Наступившее в Полтавской губернии спокойствие в июле было нарушено появлением какой-то банды из Киевской губернии. В последней происходили какие-то бои населения или оставшихся большевистских частей с немцами. Одна банда переправилась около Рудакова через Днепр, напала на сахарный завод в селе Старом и избила бывший там немецкий пост, а затем двинулась на Переяслав. Состав банды остался невыясненным; говорили, что ядро ее составляют офицеры, борющиеся против немцев и пробирающиеся в Великороссию, и что к ним пристали толпы грабителей; сила банды определялась молвой в одну-две тысячи человек с орудиями и пулеметами. Весть о приближении банды распространилась в городе вечером 20 июля; говорили, что против нее выступит весь немецкий гарнизон города (кажется, всего одна рота) и вся милиция; горожане стали бояться нового нашествия грабителей из сел. Однако, гарнизон остался в городе, и за бандой гонялись милиция и части, высланные из Киева и Золотоноши, которым и удалось вскоре рассеять ее. Через два дня, 23 июля, в городе была еще большая тревога: говорили о приближении новой большой банды, и немцы стали принимать меры к обороне города: рыли укрепления, выставили пулеметы и проч. На счастье эта тревога оказалась ложной; никакой новой банды не было, а тревогу поднял «повитовий староста» (по старой терминологии — уездный исправник), штабс-капитан Кривошеев, получивший запоздалую телеграмму о старой банде и вообразивший, что появилась новая. У нас на Пидворках тревога усугублялась тем, что для обороны города предполагалось воспользоваться долиной реки Трубежа, причем мы оказывались впереди этой линии, в сфере огня обеих сторон; поэтому оба раза возбуждался вопрос об уходе на ночь, в город, к знакомым, но оба раза мы оставались у себя и спали прекрасно.

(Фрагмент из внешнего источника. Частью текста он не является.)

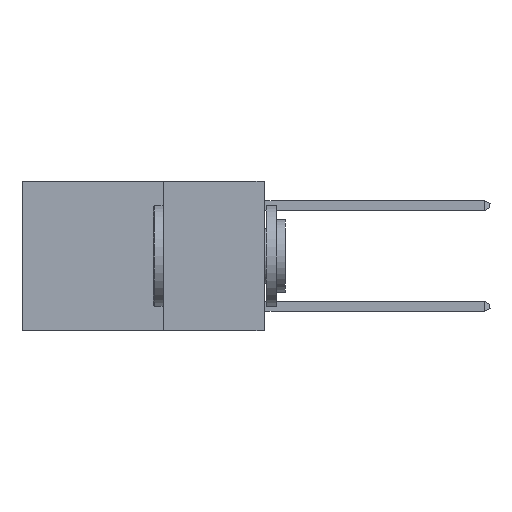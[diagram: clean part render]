
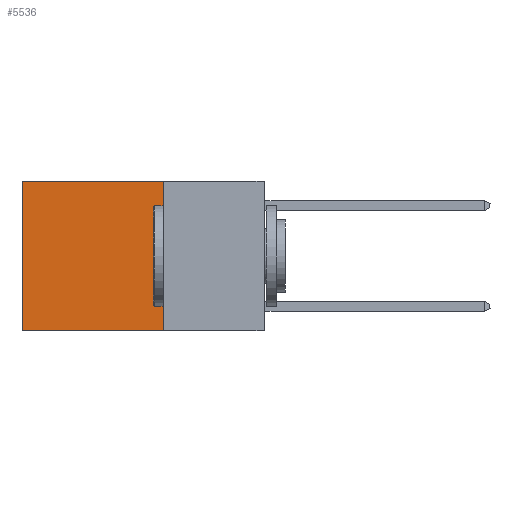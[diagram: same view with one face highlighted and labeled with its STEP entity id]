
A CAD part, left-side view. The second image highlights one B-rep face of the part: STEP entity #5536.
In plain terms, the highlighted planar face has unit normal (-1, 0, 0).
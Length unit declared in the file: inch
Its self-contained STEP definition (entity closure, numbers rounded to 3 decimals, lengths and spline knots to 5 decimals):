
#737 = DIRECTION ( 'NONE',  ( 0., 0., -1. ) ) ;
#834 = CARTESIAN_POINT ( 'NONE',  ( 0.2625, 0.25, 0. ) ) ;
#1576 = CARTESIAN_POINT ( 'NONE',  ( 0.2625, 0.25, -0.37 ) ) ;
#2776 = DIRECTION ( 'NONE',  ( 0., 1., 0. ) ) ;
#3388 = EDGE_CURVE ( 'NONE', #19495, #15803, #15716, .T. ) ;
#3705 = ORIENTED_EDGE ( 'NONE', *, *, #15025, .F. ) ;
#3750 = DIRECTION ( 'NONE',  ( 0., 1., 0. ) ) ;
#3822 = FACE_OUTER_BOUND ( 'NONE', #14456, .T. ) ;
#3958 = CARTESIAN_POINT ( 'NONE',  ( 0.2625, 0.25, 0. ) ) ;
#4182 = VECTOR ( 'NONE', #3750, 39.37008 ) ;
#4542 = VERTEX_POINT ( 'NONE', #10621 ) ;
#4546 = LINE ( 'NONE', #10605, #14376 ) ;
#5098 = LINE ( 'NONE', #10852, #6774 ) ;
#5536 = ADVANCED_FACE ( 'NONE', ( #3822 ), #11184, .F. ) ;
#6774 = VECTOR ( 'NONE', #10966, 39.37008 ) ;
#10605 = CARTESIAN_POINT ( 'NONE',  ( 0.2625, 0.6, 0. ) ) ;
#10621 = CARTESIAN_POINT ( 'NONE',  ( 0.2625, 0.25, -0.37 ) ) ;
#10643 = EDGE_CURVE ( 'NONE', #4542, #12218, #16436, .T. ) ;
#10852 = CARTESIAN_POINT ( 'NONE',  ( 0.2625, 0.25, 0. ) ) ;
#10966 = DIRECTION ( 'NONE',  ( 0., 0., -1. ) ) ;
#11111 = CARTESIAN_POINT ( 'NONE',  ( 0.2625, 0.6, 0. ) ) ;
#11184 = PLANE ( 'NONE',  #17329 ) ;
#11246 = CARTESIAN_POINT ( 'NONE',  ( 0.2625, 0.6, -0.37 ) ) ;
#11432 = ORIENTED_EDGE ( 'NONE', *, *, #10643, .F. ) ;
#12045 = ORIENTED_EDGE ( 'NONE', *, *, #18658, .T. ) ;
#12218 = VERTEX_POINT ( 'NONE', #11246 ) ;
#14270 = ORIENTED_EDGE ( 'NONE', *, *, #3388, .T. ) ;
#14376 = VECTOR ( 'NONE', #16719, 39.37008 ) ;
#14456 = EDGE_LOOP ( 'NONE', ( #12045, #11432, #3705, #14270 ) ) ;
#14576 = CARTESIAN_POINT ( 'NONE',  ( 0.2625, 0.25, 0. ) ) ;
#15025 = EDGE_CURVE ( 'NONE', #19495, #4542, #5098, .T. ) ;
#15221 = VECTOR ( 'NONE', #2776, 39.37008 ) ;
#15716 = LINE ( 'NONE', #3958, #4182 ) ;
#15803 = VERTEX_POINT ( 'NONE', #11111 ) ;
#15891 = DIRECTION ( 'NONE',  ( 1., 0., 0. ) ) ;
#16436 = LINE ( 'NONE', #1576, #15221 ) ;
#16719 = DIRECTION ( 'NONE',  ( 0., 0., -1. ) ) ;
#17329 = AXIS2_PLACEMENT_3D ( 'NONE', #14576, #15891, #737 ) ;
#18658 = EDGE_CURVE ( 'NONE', #15803, #12218, #4546, .T. ) ;
#19495 = VERTEX_POINT ( 'NONE', #834 ) ;

Жизнь на Пидворках была томительно однообразна и скучна: особенно тяжелы были вечера вследствие недостатка [480] освещения: электричество было только в городе, а нам приходилось жечь керосин и свечи. В продаже их почти вовсе не было, а потому приходилось поздно зажигать, жечь лишь одну тусклую лампу, при которой трудно было читать, и ложиться возможно раньше: в десятом часу. Путь от города до нас не освещался вовсе, а потому в темные вечера он становился неуютным, а при лужах и грязи — совсем неприятным; но и днем необходимость тащиться всегда полверсты до города, по плотине и мосту, была надоедлива; дом на Пидворках стоял на сыром месте и сам был сырой. Все это заставило с весны искать другой квартиры в самом городе; но несмотря на содействие жидов-фахторов, найти приличную квартиру долго не удавалось, и только в начале августа И. В. удалось нанять квартиру, освободившуюся вследствие смерти домовладельца. Квартира эта оказалась слишком малой, чтобы и мы могли в ней поместиться, и нам пришлось искать себе отдельное помещение. Мы уже неоднократно предлагали поселиться отдельно, чтобы облегчить нахождение квартиры, но наши предложения откланялись; теперь же приходилось наскоро искать себе квартиру или комнату. Наше положение затруднялось тем, что у нас не было ни мебели, ни посуды; не было и прислуги, так как наша горничная Таня в начале июня уехала по болезни в Киев, где, как потом сказалось, она устроила себе выкидыш; нам поэтому было желательно найти меблированные комнаты со столом. Вполне удобные две или три комнаты мы нашли в доме Гутковской, соседнем с новой квартирой И. В., — но комнаты были менее удобные, да кроме того мы очень стесняли бы хозяйку, которая неохотно бралась довольствовать нас, а затем и вовсе могла отказаться от этого.
Во время этих поисков мы как-то попали под грозовой ливень; вероятно, вследствие этого у меня явилась простуда с сильной лихорадкой; в это время во всей округе свирепствовала злокачественная инфлюэнца, называемая испанской болезнью, поэтому призванный врач заарестовал меня дома на несколько дней; простуда вскоре прошла, но врач нашел у меня старый бронхит в легком; о существовании бронхита я и не подозревал.
На этом рукопись обрывается (Сост.).